# Ubuntu System Requirements



## teen (Jun 15, 2006)

My system config-
P4 2.41 ghz
248 MB DDR RAM (Total 256 MB but 8 MB is used for Graphics memory)
40 GB HDD
What are the minimum system requirements for Ubuntu Desktop to run on y system ?

I saw this as the system reqirements and freaked out.
*en.wikipedia.org/wiki/Ubuntu_(Linux_distribution)#Hardware_Requirements


----------



## GNUrag (Jun 15, 2006)

These are the recommended requirements for pleasant user experience. Minimum system config is much lower. 

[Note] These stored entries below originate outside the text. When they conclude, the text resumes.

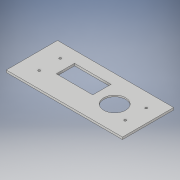
# Autodesk Inventor part: Ausschnitt
Saved by Autodesk Inventor 2017.3 (Build 213256000, 256)
## iProperties
Part Number: Ausschnitt
Material: Generisch
Document SubType Name: Modeling
Designer: Nils
Density: 1 g/cm^3
Appearance: Vorgabe
Author: Nils
Autodesk Inventor part; units mm, degrees
ref_plane "YZ Plane" through (0, 0, 0) normal (1, 0, 0) x (0, 1, 0)
ref_plane "XZ Plane" through (0, 0, 0) normal (0, 1, 0) x (-1, 0, 0)
ref_plane "XY Plane" through (0, 0, 0) normal (0, 0, 1) x (1, 0, 0)
sketch "Skizze1" plane through (0, 0, 0) normal (0, 0, 1) x (1, 0, 0)
  line L0 (25, 12.5) -> (-25, 12.5) projected
  line L1 (-25, 12.5) -> (-25, -12.5) projected
  line L2 (-25, -12.5) -> (25, -12.5) projected
  line L3 (25, -12.5) -> (25, 12.5) projected
  circle A0 centre (50.8, -8.2735) radius 14.6905 projected
  circle A1 centre (50.8, -8.2735) radius 15
  line L4 (-63.7896, 27.9801) -> (95.321, 27.9801)
  line L5 (95.321, 27.9801) -> (95.321, -42.1521)
  line L6 (95.321, -42.1521) -> (-63.7896, -42.1521)
  line L7 (-63.7896, -42.1521) -> (-63.7896, 27.9801)
  point P0 (0, 0)
  dimension "d0" = 30
  constraints: 8 end point, 2 parallel, 1 centre point, 1 coincident, 1 horizontal, 1 perpendicular
  measures "d0" diameter of A1
extrude "Extrusion1" add sketch "Skizze1" along normal blind 3 contours L4 L5 L6 L7
sketch "Skizze2" plane through (0, 0, 0) normal (0, 0, -1) x (-1, 0, 0)
  circle A0 centre (-50.8, -8.2735) radius 15 construction
  circle A1 centre (-50.8, -8.2735) radius 17.5
  point P0 (0, 0)
  dimension "d3" = 35
  constraints: 1 centre point, 1 coincident
  measures "d3" diameter of A1
extrude "Extrusion2" cut sketch "Skizze2" against normal blind 1
sketch "Skizze3" plane through (0, 0, 0) normal (0, 0, -1) x (-1, 0, 0)
  circle A0 centre (-77.33, -20.3235) radius 1.75 construction
  circle A1 centre (40.52, -20.3235) radius 1.75 construction
  circle A2 centre (40.52, 8.5265) radius 1.75 construction
  circle A3 centre (-77.33, 8.5265) radius 1.75 construction
  arc A4 (-44.8513, -25.2196) -> (-44.1338, -24.9216) centre (-45.6338, -22.3235) ccw construction
  arc A5 (-44.8513, -25.2196) -> (-45.0539, -25.3294) centre (-44.7209, -25.7023) ccw construction
  arc A6 (-46.2827, -25.4102) -> (-45.0539, -25.3294) centre (-45.72, -24.5835) ccw construction
  arc A7 (-46.2827, -25.4102) -> (-46.564, -25.3235) centre (-46.564, -25.8235) ccw construction
  line L0 (-55.036, -25.3235) -> (-46.564, -25.3235) construction
  arc A8 (-55.036, -25.3235) -> (-55.3173, -25.4102) centre (-55.036, -25.8235) ccw construction
  arc A9 (-56.4427, -25.4102) -> (-55.3173, -25.4102) centre (-55.88, -24.5835) ccw construction
  arc A10 (-56.4427, -25.4102) -> (-56.724, -25.3235) centre (-56.724, -25.8235) ccw construction
  line L1 (-66.83, -25.3235) -> (-56.724, -25.3235) construction
  arc A11 (-67.83, -24.3235) -> (-66.83, -25.3235) centre (-66.83, -24.3235) ccw construction
  line L2 (-67.83, -14.2262) -> (-67.83, -24.3235) construction
  arc A12 (-67.83, -14.2262) -> (-67.9233, -13.9353) centre (-68.33, -14.2262) ccw construction
  arc A13 (-67.9233, -12.7717) -> (-67.9233, -13.9353) centre (-67.11, -13.3535) ccw construction
  arc A14 (-67.9233, -12.7717) -> (-67.83, -12.4808) centre (-68.33, -12.4808) ccw construction
  line L3 (-67.83, -4.0662) -> (-67.83, -12.4808) construction
  arc A15 (-67.83, -4.0662) -> (-67.9233, -3.7753) centre (-68.33, -4.0662) ccw construction
  arc A16 (-67.9233, -2.6117) -> (-67.9233, -3.7753) centre (-67.11, -3.1935) ccw construction
  arc A17 (-67.9233, -2.6117) -> (-67.83, -2.3208) centre (-68.33, -2.3208) ccw construction
  line L4 (-67.83, -1.6101) -> (-67.83, -2.3208) construction
  arc A18 (-67.83, -1.6101) -> (-68.1376, -1.1483) centre (-68.3305, -1.6101) ccw construction
  arc A19 (-68.445, -0.6869) -> (-68.1376, -1.1483) centre (-67.945, -0.6869) ccw construction
  line L5 (-68.445, 14.5865) -> (-68.445, -0.6869) construction
  arc A20 (-67.945, 15.0865) -> (-68.445, 14.5865) centre (-67.945, 14.5865) ccw construction
  line L6 (-58.801, 15.0865) -> (-67.945, 15.0865) construction
  arc A21 (-58.301, 14.5865) -> (-58.801, 15.0865) centre (-58.801, 14.5865) ccw construction
  line L7 (-58.301, 14.5265) -> (-58.301, 14.5865) construction
  arc A22 (-58.301, 14.5265) -> (-57.301, 13.5265) centre (-57.301, 14.5265) ccw construction
  line L8 (-44.045, 13.5265) -> (-57.301, 13.5265) construction
  arc A23 (-44.045, 13.5265) -> (-43.045, 14.5265) centre (-44.045, 14.5265) ccw construction
  line L9 (-43.045, 14.5865) -> (-43.045, 14.5265) construction
  arc A24 (-42.545, 15.0865) -> (-43.045, 14.5865) centre (-42.545, 14.5865) ccw construction
  line L10 (-33.401, 15.0865) -> (-42.545, 15.0865) construction
  arc A25 (-32.901, 14.5865) -> (-33.401, 15.0865) centre (-33.401, 14.5865) ccw construction
  line L11 (-32.901, 14.5265) -> (-32.901, 14.5865) construction
  arc A26 (-32.901, 14.5265) -> (-31.901, 13.5265) centre (-31.901, 14.5265) ccw construction
  line L12 (21.02, 13.5265) -> (-31.901, 13.5265) construction
  arc A27 (31.02, 3.5265) -> (21.02, 13.5265) centre (21.02, 3.5265) ccw construction
  line L13 (31.02, 2.4539) -> (31.02, 3.5265) construction
  arc A28 (31.02, 2.4539) -> (31.3225, 1.9945) centre (31.52, 2.4539) ccw construction
  arc A29 (31.3225, -0.7615) -> (31.3225, 1.9945) centre (30.73, 0.6165) ccw construction
  arc A30 (31.3225, -0.7615) -> (31.02, -1.2209) centre (31.52, -1.2209) ccw construction
  line L14 (31.02, -1.3561) -> (31.02, -1.2209) construction
  arc A31 (31.02, -1.3561) -> (31.3225, -1.8155) centre (31.52, -1.3561) ccw construction
  arc A32 (31.3225, -4.5715) -> (31.3225, -1.8155) centre (30.73, -3.1935) ccw construction
  arc A33 (31.3225, -4.5715) -> (31.02, -5.0309) centre (31.52, -5.0309) ccw construction
  line L15 (31.02, -5.1661) -> (31.02, -5.0309) construction
  arc A34 (31.02, -5.1661) -> (31.3225, -5.6255) centre (31.52, -5.1661) ccw construction
  arc A35 (31.3225, -8.3815) -> (31.3225, -5.6255) centre (30.73, -7.0035) ccw construction
  arc A36 (31.3225, -8.3815) -> (31.02, -8.8409) centre (31.52, -8.8409) ccw construction
  line L16 (31.02, -10.4303) -> (31.02, -8.8409) construction
  arc A37 (31.02, -10.4303) -> (31.3433, -10.898) centre (31.52, -10.4303) ccw construction
  arc A38 (31.3433, -12.769) -> (31.3433, -10.898) centre (30.99, -11.8335) ccw construction
  arc A39 (31.3433, -12.769) -> (31.02, -13.2367) centre (31.52, -13.2367) ccw construction
  line L17 (31.02, -20.5903) -> (31.02, -13.2367) construction
  arc A40 (31.02, -20.5903) -> (31.3433, -21.058) centre (31.52, -20.5903) ccw construction
  arc A41 (31.3283, -22.9345) -> (31.3433, -21.058) centre (30.99, -21.9935) ccw construction
  arc A42 (31.3283, -22.9345) -> (30.9977, -23.3898) centre (31.4974, -23.4051) ccw construction
  arc A43 (28.77, -25.3235) -> (30.9977, -23.3898) centre (28.77, -23.0735) ccw construction
  line L18 (-24.9736, -25.3235) -> (28.77, -25.3235) construction
  arc A44 (-26.4736, -24.9216) -> (-24.9736, -25.3235) centre (-24.9736, -22.3235) ccw construction
  line L19 (-33.8037, -20.6895) -> (-26.4736, -24.9216) construction
  arc A45 (-33.8037, -20.6895) -> (-36.8037, -20.6895) centre (-35.3037, -23.2876) ccw construction
  line L20 (-44.1338, -24.9216) -> (-36.8037, -20.6895) construction
  line L21 (-81.83, -30.3235) -> (45.02, -30.3235) construction
  arc A46 (45.02, -30.3235) -> (48.02, -27.3235) centre (45.02, -27.3235) ccw construction
  line L22 (48.02, -27.3235) -> (48.02, 15.5265) construction
  arc A47 (48.02, 15.5265) -> (45.02, 18.5265) centre (45.02, 15.5265) ccw construction
  line L23 (45.02, 18.5265) -> (-81.83, 18.5265) construction
  arc A48 (-81.83, 18.5265) -> (-84.83, 15.5265) centre (-81.83, 15.5265) ccw construction
  line L24 (-84.83, 15.5265) -> (-84.83, -27.3235) construction
  arc A49 (-84.83, -27.3235) -> (-81.83, -30.3235) centre (-81.83, -27.3235) ccw construction
  point P0 (0, 0)
  constraints: 4 coincident
hole "Bohrung1" at (77.33, 8.5265, 0) at (77.33, -20.3235, 0) at (-40.52, -20.3235, 0) at (-40.52, 8.5265, 0) direction (0, 0, 1) diameter 3 end through all
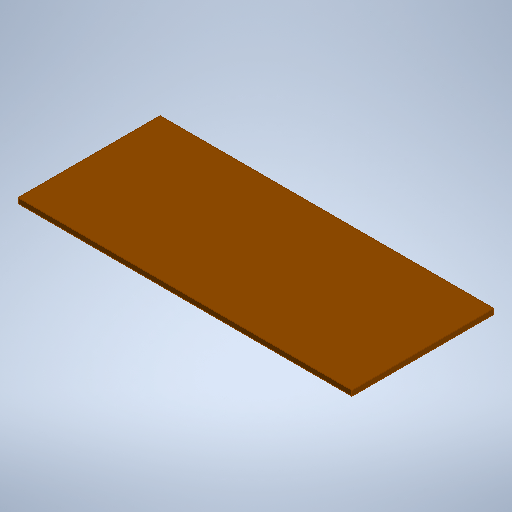
# Autodesk Inventor part: Part1
Saved by Autodesk Inventor 2025.1 (Build 291241000, 241)
## iProperties
Created: 2025-03-06
Part Number: Part1
Material: Plywood, Finish
Document SubType Name: Modeling
Designer: chowg
Density: 0.552 g/cm^3
Appearance: Plywood - New
Category: <PART CATAGORY>
Title: <TITLE>
Author: chowg
Revision Number: 1
Autodesk Inventor part; units mm, degrees
ref_plane "YZ Plane" through (0, 0, 0) normal (1, 0, 0) x (0, 1, 0)
ref_plane "XZ Plane" through (0, 0, 0) normal (0, 1, 0) x (-1, 0, 0)
ref_plane "XY Plane" through (0, 0, 0) normal (0, 0, 1) x (1, 0, 0)
sketch "Sketch6" plane through (0, 0, 0) normal (0, 0, 1) x (1, 0, 0)
  line L0 (0, 0) -> (0, 3)
  line L1 (0, 0) -> (3, 0) construction
  line L2 (0, 3) -> (196.5, 3)
  line L3 (196.5, 3) -> (196.5, 0)
  line L4 (196.5, 0) -> (0, 0)
  dimension "d85" = 3
  dimension "d86" = 90
  dimension "d87" = 196.5
  dimension "d88" = 3
  dimension "d89" = 90
  constraints: 10 end point, 3 perpendicular, 1 horizontal, 1 vertical
  measures "d85" distance of L0.start L0.end
  measures "d86" angle of L1 L0
  measures "d87" distance of L0.end L2.end
  measures "d88" distance of L2.end L3.end
  measures "d89" angle of L2 L3
extrude "Extrusion3" add sketch "Sketch6" along normal blind 83.525
body "Solid2"
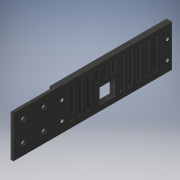
# Autodesk Inventor part: Base Left Front Panel
Saved by Autodesk Inventor 2019 (Build 230136000, 136)
## iProperties
Created: 2018-11-05
Part Number: Base Left Front Panel
Material: Generic
Document SubType Name: Modeling
Designer: Keith
Density: 1 g/cm^3
Appearance: Default
Author: Keith
## iProperties of the stored document Base Left Front Panel_3DPrint.ipt
Created: 2018-12-04
Part Number: Base Left Front Panel_3DPrint
Material: Generic
Document SubType Name: Modeling
Designer: Keith
Density: 1 g/cm^3
Appearance: Default
Author: Keith
Autodesk Inventor part; units mm, degrees
(part 1 of 2)
ref_plane "YZ Plane" through (0, 0, 0) normal (1, 0, 0) x (0, 1, 0)
sketch "Sketch1" plane through (0, 0, 0) normal (0, 1, 0) x (-1, 0, 0)
  line L0 (0, 0) -> (124, 0)
  line L1 (124, 0) -> (124, -124.7)
  line L2 (124, -124.7) -> (0, -124.7)
  line L3 (0, -124.7) -> (0, 0)
  line L4 (121.5, -2.5) -> (2.5, -2.5)
  line L5 (2.5, -2.5) -> (2.5, -122.2)
  line L6 (2.5, -122.2) -> (121.5, -122.2)
  line L7 (121.5, -122.2) -> (121.5, -2.5)
  line L8 (113, -2.5) -> (121.5, -2.5)
  line L9 (121.5, -2.5) -> (121.5, -11.25)
  line L10 (121.5, -11.25) -> (113, -11.25)
  line L11 (113, -11.25) -> (113, -2.5)
  line L12 (2.5, -11.25) -> (11, -11.25)
  line L13 (11, -11.25) -> (11, -2.5)
  line L14 (124, -124.7) -> (113, -124.7)
  line L15 (113, -124.7) -> (113, -112.7)
  line L16 (124, -112.7) -> (124, -124.7)
  line L17 (124, -112.7) -> (124, -104.2)
  line L18 (124, -104.2) -> (113, -104.2)
  line L19 (113, -104.2) -> (113, -112.7)
  line L20 (11, -124.7) -> (11, -112.7)
  line L21 (0, -104.2) -> (11, -104.2)
  line L22 (11, -104.2) -> (11, -112.7)
  line L23 (11, -11.25) -> (2.5, -11.25)
  line L24 (2.5, -11.25) -> (2.5, -2.5)
  line L25 (2.5, -2.5) -> (11, -2.5)
  line L26 (11, -2.5) -> (11, -11.25)
  line L27 (0, -104.2) -> (11, -104.2)
  line L28 (11, -104.2) -> (11, -124.7)
  line L29 (11, -124.7) -> (0, -124.7)
  line L30 (0, -124.7) -> (0, -104.2)
  dimension "d0" = 124
  dimension "d1" = 124.7
  dimension "d2" = 2.5
  dimension "d3" = 2.5
  dimension "d4" = 2.5
  dimension "d5" = 2.5
  dimension "d6" = 11.25
  dimension "d7" = 11
  dimension "d8" = 12
  dimension "d9" = 11
  dimension "d10" = 8.5
  dimension "d125" = 0
  dimension "d126" = 20.5
  constraints: 62 end point, 12 parallel, 6 horizontal, 6 perpendicular, 3 point on line
  measures "d0" distance of L1.end L2.end
  measures "d1" distance of L0.end L1.end
  measures "d2" distance between parallel lines of L1 L7
  measures "d3" distance between parallel lines of L0 L4
  measures "d4" distance between parallel lines of L3 L5
  measures "d5" distance between parallel lines of L2 L6
  measures "d6" distance between parallel lines of L0 L10
  measures "d7" distance between parallel lines of L1 L11
  measures "d8" distance of L14.end L15.end
  measures "d9" distance between parallel lines of L1 L15
  measures "d10" distance of L17.end L17.start
  measures "d125" distance between parallel lines of L2 L29
  measures "d126" distance between parallel lines of L2 L21
extrude "Extrusion1" add sketch "Sketch1" along normal blind 43 contours L0 L1 L18 L7 L4 L5 L21 L3 | L21 L5 L6 L20 L2 L3 | L1 L2 L15 L6 L7 L18 | L21 L22 L20 L6 L5 | L7 L6 L15 L19 L18 | L20 L6 L15 L2 | L5 L4 L13 L12 | L10 L11 L4 L7
sketch "Sketch2" plane through (0, 43, 0) normal (0, 1, 0) x (1, 0, 0)
  line L0 (-124, 124.7) -> (-124, 0) projected
  line L1 (-124, 0) -> (0, 0) projected
  line L2 (0, 0) -> (0, 124.7) projected
  line L3 (0, 124.7) -> (-124, 124.7) projected
  line L4 (-113, 122.2) -> (-113, 104.2) projected
  line L5 (-113, 122.2) -> (-11, 122.2) projected
  line L6 (-11, 104.2) -> (-11, 122.2) projected
  line L7 (-2.5, 104.2) -> (-11, 104.2) projected
  line L8 (-2.5, 104.2) -> (-2.5, 11.25) projected
  line L9 (-11, 11.25) -> (-2.5, 11.25) projected
  line L10 (-11, 2.5) -> (-11, 11.25) projected
  line L11 (-11, 2.5) -> (-113, 2.5) projected
  line L12 (-113, 2.5) -> (-113, 11.25) projected
  line L13 (-113, 11.25) -> (-121.5, 11.25) projected
  line L14 (-121.5, 11.25) -> (-121.5, 104.2) projected
  line L15 (-113, 104.2) -> (-121.5, 104.2) projected
  line L16 (-124, 124.7) -> (-124, 0) projected
  line L17 (0, 131.353) -> (-124, 131.353)
  line L18 (-124, 131.353) -> (-124, 119.353)
  line L19 (0, 119.353) -> (0, 131.353)
  line L20 (-11, 104.2) -> (-11, 122.2) projected
  line L21 (-113, 119.353) -> (-113, 122.2)
  line L22 (-113, 122.2) -> (-11, 122.2)
  line L23 (-11, 122.2) -> (-11, 119.353)
  line L24 (-124, 119.353) -> (-113, 119.353)
  line L25 (-11, 119.353) -> (0, 119.353)
  dimension "d13" = 12
  constraints: 16 end point, 3 equal length, 2 horizontal, 2 point on line, 1 perpendicular
  measures "d13" distance of L18.end L17.end
extrude "Extrusion2" cut sketch "Sketch2" against normal blind 11.4 contours L3 L2 L25 L6 L5 L4 L24 L0 | L18 L17 L19 L3
sketch "Sketch3" plane through (0, 31.6, 0) normal (0, 1, 0) x (1, 0, 0)
  line L0 (-124, 124.7) -> (0, 124.7) projected
  line L1 (-124, 124.7) -> (0, 124.7) projected
  line L2 (-124, 119.353) -> (-124, 124.7) projected
  line L3 (-113, 119.353) -> (-124, 119.353) projected
  line L4 (-113, 122.2) -> (-113, 119.353) projected
  line L5 (-11, 122.2) -> (-113, 122.2) projected
  line L6 (-11, 119.353) -> (-11, 122.2) projected
  line L7 (0, 119.353) -> (-11, 119.353) projected
  line L8 (0, 124.7) -> (0, 119.353) projected
  line L9 (-113, 122.2) -> (-11, 122.2)
  line L10 (-11, 122.2) -> (-11, 124.7)
  line L11 (-11, 124.7) -> (-113, 124.7)
  line L12 (-113, 124.7) -> (-113, 122.2)
  point P0 (0, 0)
  constraints: 8 end point, 2 parallel, 1 horizontal, 1 perpendicular, 1 point on line
extrude "Extrusion3" cut sketch "Sketch3" against normal through all contours L0 L10 L5 L12
sketch "Sketch4" plane through (0, 0, 0) normal (0, -1, 0) x (1, 0, 0)
  line L0 (-113, -104.2) -> (-113, -124.7) projected
  line L1 (-121.5, -104.2) -> (-113, -104.2) projected
  line L2 (-121.5, -104.2) -> (-121.5, -11.25) projected
  line L3 (-121.5, -11.25) -> (-113, -11.25) projected
  line L4 (-113, -11.25) -> (-113, -2.5) projected
  line L5 (-113, -2.5) -> (-11, -2.5) projected
  line L6 (-11, -11.25) -> (-11, -2.5) projected
  line L7 (-2.5, -11.25) -> (-11, -11.25) projected
  line L8 (-2.5, -11.25) -> (-2.5, -104.2) projected
  line L9 (-11, -104.2) -> (-2.5, -104.2) projected
  line L10 (-11, -104.2) -> (-11, -124.7) projected
  line L11 (0, -124.7) -> (-11, -124.7) projected
  line L12 (0, 0) -> (0, -124.7) projected
  line L13 (-124, 0) -> (0, 0) projected
  line L14 (-124, -124.7) -> (-124, 0) projected
  line L15 (0, -124.7) -> (-11, -124.7) projected
  line L16 (0, -124.7) -> (-124, -124.7)
  line L17 (-124, -124.7) -> (-124, 0)
  line L18 (-124, 0) -> (0, 0)
  line L19 (0, 0) -> (0, -124.7)
  line L20 (-113, -124.7) -> (-124, -124.7) projected
  constraints: 8 end point, 2 parallel, 1 horizontal, 1 perpendicular
extrude "Extrusion4" add sketch "Sketch4" against normal blind 2 contours L1 L2 L3 L4 L5 L6 L7 L8 L9 L10 L16 L0
sketch "Sketch5" plane through (-124, 0, -131.353) normal (-1, 0, 0) x (0, 0, 1)
  line L0 (12, 43) -> (12, 31.6) projected
  line L1 (12, 31.6) -> (6.653, 31.6) projected
  line L2 (6.653, 0) -> (6.653, 31.6) projected
  line L3 (131.353, 0) -> (131.353, 43) projected
  line L4 (12, 43) -> (131.353, 43) projected
  line L5 (66.653, 35) -> (119.903, 35)
  line L6 (119.903, 35) -> (119.903, 4)
  line L7 (119.903, 4) -> (66.653, 4)
  line L8 (66.653, 4) -> (66.653, 35)
  line L9 (6.653, 0) -> (131.353, 0) projected
  point P0 (131.353, 0)
  dimension "d21" = 31
  dimension "d129" = 113.25
  constraints: 8 end point, 2 parallel, 1 horizontal, 1 perpendicular
  measures "d21" distance of L5.end L6.end
  measures "d129" distance between parallel lines of L6 L2
extrude "Extrusion5" cut sketch "Sketch5" against normal blind 2.5 contours L5 L6 L7 L8
sketch "Sketch6" plane through (0, 43, 0) normal (0, 1, 0) x (1, 0, 0)
  line L0 (-113, 119.353) -> (-124, 119.353) projected
  line L1 (-124, 119.353) -> (-124, 0) projected
  line L2 (-124, 0) -> (0, 0) projected
  line L3 (0, 0) -> (0, 119.353) projected
  line L4 (0, 119.353) -> (-11, 119.353) projected
  line L5 (-11, 104.2) -> (-11, 119.353) projected
  line L6 (-2.5, 104.2) -> (-11, 104.2) projected
  line L7 (-2.5, 104.2) -> (-2.5, 11.25) projected
  line L8 (-11, 11.25) -> (-2.5, 11.25) projected
  line L9 (-11, 2.5) -> (-11, 11.25) projected
  line L10 (-11, 2.5) -> (-113, 2.5) projected
  line L11 (-113, 2.5) -> (-113, 11.25) projected
  line L12 (-113, 11.25) -> (-121.5, 11.25) projected
  line L13 (-121.5, 11.25) -> (-121.5, 104.2) projected
  line L14 (-113, 104.2) -> (-121.5, 104.2) projected
  line L15 (-113, 119.353) -> (-113, 104.2) projected
  line L16 (-11, 124.7) -> (-11, 104.2) projected
  line L17 (-11, 124.7) -> (-113, 124.7) projected
  line L18 (-113, 104.2) -> (-113, 124.7) projected
  line L19 (-121.5, 104.2) -> (-113, 104.2) projected
  line L20 (-121.5, 11.25) -> (-121.5, 104.2) projected
  line L21 (-113, 11.25) -> (-121.5, 11.25) projected
  line L22 (-113, 2.5) -> (-113, 11.25) projected
  line L23 (-11, 2.5) -> (-113, 2.5) projected
  line L24 (-11, 11.25) -> (-11, 2.5) projected
  line L25 (-2.5, 11.25) -> (-11, 11.25) projected
  line L26 (-2.5, 104.2) -> (-2.5, 11.25) projected
  line L27 (-11, 104.2) -> (-2.5, 104.2) projected
  line L28 (-11, 124.7) -> (-113, 124.7) projected
  line L29 (-62, 124.7) -> (-62, 28.7359)
  point P0 (-6.625, 6.875)
  point P1 (-6.625, 108.45)
  point P2 (-117.375, 6.875)
  point P3 (-117.375, 108.45)
  dimension "d27" = 4.375
  dimension "d28" = 4.375
  dimension "d29" = 4.25
  dimension "d30" = 4.375
  constraints: 2 end point, 2 symmetric about line, 1 midpoint, 1 vertical
  measures "d27" distance from line of L9 point (-6.625, 6.875)
  measures "d28" distance from line of L8 point (-6.625, 6.875)
  measures "d29" distance from line of L6 point (-6.625, 108.45)
  measures "d30" distance from line of L5 point (-6.625, 108.45)
hole "Hole1" at (-6.625, 43, -6.875) at (-6.625, 43, -108.45) at (-117.375, 43, -6.875) at (-117.375, 43, -108.45) direction (0, -1, 0) diameter 2.7 depth 12 tip angle 118
sketch "Sketch10" plane through (0, 0, 0) normal (1, 0, 0) x (0, 0, -1)
  line L0 (119.353, 31.6) -> (119.353, 43) projected
  line L1 (0, 43) -> (119.353, 43) projected
  line L2 (0, 0) -> (0, 43) projected
  line L3 (0, 0) -> (124.7, 0) projected
  line L4 (124.7, 31.6) -> (119.353, 31.6) projected
  line L5 (23.0532, 35.5) -> (27.0532, 35.5)
  line L6 (27.0532, 35.5) -> (27.0532, 5.5)
  line L7 (27.0532, 5.5) -> (23.0532, 5.5)
  line L8 (23.0532, 5.5) -> (23.0532, 35.5)
  line L9 (31.0532, 35.5) -> (35.0532, 35.5)
  line L10 (35.0532, 35.5) -> (35.0532, 5.5)
  line L11 (35.0532, 5.5) -> (31.0532, 5.5)
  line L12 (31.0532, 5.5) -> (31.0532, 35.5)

You might want to install Xubuntu if your hardware is from the WorldWar 2 era .


----------



## mehulved (Jun 15, 2006)

What's there to freak out? It's nothing higher than Windows XP that is run by many people with config like yours, maybe you too.
And the problem only seems is with RAM. You can then install XFCE (procedure is shown herewww.ubuntuguide.org).
Your computer will run very smooth.
I myself have run Ubuntu 5.10 under similar config, infact my processor is only 2 GHz.
Adding 512MB module or RAM did help a lot. But, unless you want to do some work that will take up lot of RAM you won't need any more RAM. In fact using XFCE, it will run a lot faster.


----------



## JGuru (Jun 15, 2006)

Your configuration is good enough. If you have more RAM your System will
be more faster. Ubuntu will also run well on 700 GHZ  , 128 MB RAM. But it
would be a little slower. So go ahead and install Ubuntu.


----------



## vignesh (Jun 15, 2006)

Your configuration is more than enough...


----------



## mak1012 (Jul 20, 2007)

yor config is fine but dont try to install with live cd get alternate cd or go for xubutu.


----------



## saurabh kakkar (Jul 26, 2007)

mehulved said:
			
		

> What's there to freak out? It's nothing higher than Windows XP that is run by many people with config like yours, maybe you too.
> And the problem only seems is with RAM. You can then install XFCE (procedure is shown herewww.ubuntuguide.org).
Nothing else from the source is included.